Equine Gestalt Coaching

The Mission Statement of The Ranches,

Rekindling HOPE for At Risk Youth,” when combined with our purpose statement, “To provide services for young people and families in pursuit of a brighter tomorrow,” allows a simple truth to emerge: Hope is Powerful.

Our Mission statement not only defines what we do, but the difference we work to make in the lives of young people. As Dr. Martin Luther King, Jr. said, “Everything that is done in the world is done by hope.” The emergence of hope takes time for kids and includes many milestones along the way: seeing themselves as valuable, having a vision for their future, having the skills needed to provide for themselves, finding a profession that they enjoy, feeling safe, knowing how to develop a healthy support system, finding love and knowing there is a loving God who cares about them. While development of this vision for their future takes time, young people who learn to believe that they are valuable and who are able to find their worth, are transformed by their hope.

 

Located on 2200 acres in the Rio Grande Valley, The Ranches gives children the opportunity to heal through a comprehensive program and by relocating kids to a rural environment free of many of the negative influences and distractions of “city life”. Hard work, structure, education, faith, honesty, healthy adult relationships and positive peer relationships form the foundation of our program at The Ranches.

 

Throughout our history, we have worked to stay current and innovative in our approach to healing and to hope. We are currently looking forward to adding Equine Gestalt Coaching to our program through Lani Kull, Vice President for Program Services, and her experiential learning at Touched by a Horse. While Lani has always been effective at reaching our toughest and most stubborn clients, we are confident that she will add exponentially to her ability through her process. By encouraging and helping kids to partner with horses, we fully believe that EGC, when combined with our educational and life skills programs, will help us to rekindle hope in the youth that we have the honor of serving.

The Equine Gestalt Coaching Method® was developed by Melisa Pearce, a core founder since 1989 of the horse-human healing movement. The experiential nature of the method involves the horse as an active partner with the coach in the client’s exploratory process. The integrative approach of the equine’s interaction combined with positive coaching, somatic awareness guidance and Gestalt methodology assists the client in examining their life and choices made with a focus on designing a positive future.

'OHANA

After graduation, he decided that he wanted to spend the summer working on a ranch. Since I was still related to the people running The Ranch and because he was my best friend, I made a couple of calls and landed us summer internships there. We were cowboys! While I was apprehensive about heading back to the ranch and to the kids that I had worked so hard to leave behind, I was happy to start a new adventure with my friend. In a few short days, we went from city slickers to cowboys, and I went from shorts and Air Jordans to Wranglers and Justin Ropers.

While I had originally planned to avoid the kids at the ranch, it was much harder than I thought.
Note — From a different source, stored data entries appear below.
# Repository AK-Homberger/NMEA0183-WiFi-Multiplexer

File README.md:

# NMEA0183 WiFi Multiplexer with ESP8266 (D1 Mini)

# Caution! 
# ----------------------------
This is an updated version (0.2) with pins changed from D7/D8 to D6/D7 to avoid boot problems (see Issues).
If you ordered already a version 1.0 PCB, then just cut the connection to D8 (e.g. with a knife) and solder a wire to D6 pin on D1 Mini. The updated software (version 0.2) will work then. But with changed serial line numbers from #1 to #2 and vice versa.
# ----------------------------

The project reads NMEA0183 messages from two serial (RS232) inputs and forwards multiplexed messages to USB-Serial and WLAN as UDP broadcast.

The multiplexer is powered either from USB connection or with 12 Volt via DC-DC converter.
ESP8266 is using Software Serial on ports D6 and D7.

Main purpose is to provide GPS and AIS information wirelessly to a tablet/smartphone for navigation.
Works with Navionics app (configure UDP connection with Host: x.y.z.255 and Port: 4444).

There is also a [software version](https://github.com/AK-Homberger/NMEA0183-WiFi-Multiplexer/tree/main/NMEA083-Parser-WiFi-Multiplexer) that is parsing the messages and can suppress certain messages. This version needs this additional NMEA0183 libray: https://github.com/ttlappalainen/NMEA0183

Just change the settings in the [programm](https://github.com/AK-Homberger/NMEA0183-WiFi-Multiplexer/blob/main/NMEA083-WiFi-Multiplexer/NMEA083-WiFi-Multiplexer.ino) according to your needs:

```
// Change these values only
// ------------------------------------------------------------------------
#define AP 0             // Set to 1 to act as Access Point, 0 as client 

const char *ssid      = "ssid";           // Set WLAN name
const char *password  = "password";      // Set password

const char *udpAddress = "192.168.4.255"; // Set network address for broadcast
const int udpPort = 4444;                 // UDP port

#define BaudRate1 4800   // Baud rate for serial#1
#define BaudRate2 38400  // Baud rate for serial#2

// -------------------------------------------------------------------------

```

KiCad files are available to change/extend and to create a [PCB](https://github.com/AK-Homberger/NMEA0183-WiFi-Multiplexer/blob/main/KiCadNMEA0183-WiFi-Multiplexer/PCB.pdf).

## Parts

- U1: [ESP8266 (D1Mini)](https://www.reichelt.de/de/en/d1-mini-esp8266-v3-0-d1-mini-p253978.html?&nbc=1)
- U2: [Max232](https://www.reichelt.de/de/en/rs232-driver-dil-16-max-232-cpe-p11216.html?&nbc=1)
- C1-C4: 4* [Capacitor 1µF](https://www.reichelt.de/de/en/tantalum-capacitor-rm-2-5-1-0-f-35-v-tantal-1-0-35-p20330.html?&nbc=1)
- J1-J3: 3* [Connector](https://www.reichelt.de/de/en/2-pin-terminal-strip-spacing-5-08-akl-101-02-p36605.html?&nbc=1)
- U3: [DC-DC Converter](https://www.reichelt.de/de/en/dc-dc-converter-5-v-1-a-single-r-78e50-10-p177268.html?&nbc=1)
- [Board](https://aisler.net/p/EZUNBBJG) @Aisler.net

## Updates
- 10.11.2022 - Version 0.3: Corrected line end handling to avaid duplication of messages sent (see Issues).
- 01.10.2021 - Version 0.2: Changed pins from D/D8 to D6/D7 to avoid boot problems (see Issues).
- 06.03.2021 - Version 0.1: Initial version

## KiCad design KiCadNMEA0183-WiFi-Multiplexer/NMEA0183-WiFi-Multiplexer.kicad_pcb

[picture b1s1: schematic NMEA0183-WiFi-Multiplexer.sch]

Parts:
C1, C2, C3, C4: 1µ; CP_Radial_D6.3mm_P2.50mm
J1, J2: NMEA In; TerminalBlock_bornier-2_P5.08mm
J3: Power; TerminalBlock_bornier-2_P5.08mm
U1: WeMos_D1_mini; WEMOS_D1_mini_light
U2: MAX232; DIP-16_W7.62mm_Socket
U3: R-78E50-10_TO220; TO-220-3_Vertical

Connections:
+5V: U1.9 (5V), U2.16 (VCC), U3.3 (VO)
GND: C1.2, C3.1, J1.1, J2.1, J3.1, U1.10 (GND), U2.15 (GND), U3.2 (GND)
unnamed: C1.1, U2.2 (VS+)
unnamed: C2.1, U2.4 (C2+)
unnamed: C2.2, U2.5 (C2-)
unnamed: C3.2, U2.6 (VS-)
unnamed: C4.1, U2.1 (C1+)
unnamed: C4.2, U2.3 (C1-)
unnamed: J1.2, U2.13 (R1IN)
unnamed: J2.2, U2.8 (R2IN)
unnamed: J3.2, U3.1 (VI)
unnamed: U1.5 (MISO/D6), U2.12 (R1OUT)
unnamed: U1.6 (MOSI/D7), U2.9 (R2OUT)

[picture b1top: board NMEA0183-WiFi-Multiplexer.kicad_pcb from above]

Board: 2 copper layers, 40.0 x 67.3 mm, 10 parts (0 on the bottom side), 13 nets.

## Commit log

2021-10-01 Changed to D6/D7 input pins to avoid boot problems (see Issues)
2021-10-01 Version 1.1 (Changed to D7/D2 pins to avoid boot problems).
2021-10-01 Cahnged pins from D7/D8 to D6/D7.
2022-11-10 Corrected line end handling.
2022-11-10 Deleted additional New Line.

On our first day, we were asked to help out with some tree trimming. My new boss, Pop something or other, was standing in the bucket of a front-end-loader that was extended high into the trees. In the cab of the front-end loader, a ranch kid named Mark sat. Mark was a curious young man who had trouble sitting still. The cab of the front-end loader presented him with a plethora of knobs, levers, and

buttons. With the luck that only comes when it is not needed, Mark chose the lever that dumped the bucket on his first foray into seeing what all these knobs, levers, and buttons did. Pop happened to be cutting a branch with a chainsaw at the moment Mark found the lever. Thankfully, the chainsaw fell to the ground without incident and Pop was able to grab the top of the bucket and pull himself up on it. And as he did, a string of curse words that could only be described as truck-stop-impressive was unleashed from his mouth.

Mark sat very still and listened intently to the entire tirade. As Pop climbed down the long arms of the front-end loader, Mark slowly looked up at the adult that he had almost injured. I expected an apology or at least an acknowledgment of what might have happened, but it never came. Instead, Mark cocked his head to the side and said, “Pop, I don’t think we’re supposed to cuss at the ranch.”

As he said this, Pop’s face turned bright red. My friend and I began to smile and try to find something to busy ourselves with so we didn’t have to acknowledge that Mark had just offered the only perfect response to the situation. At that moment, I knew that avoiding the kids at the ranch would not be as easy as I had thought it would be.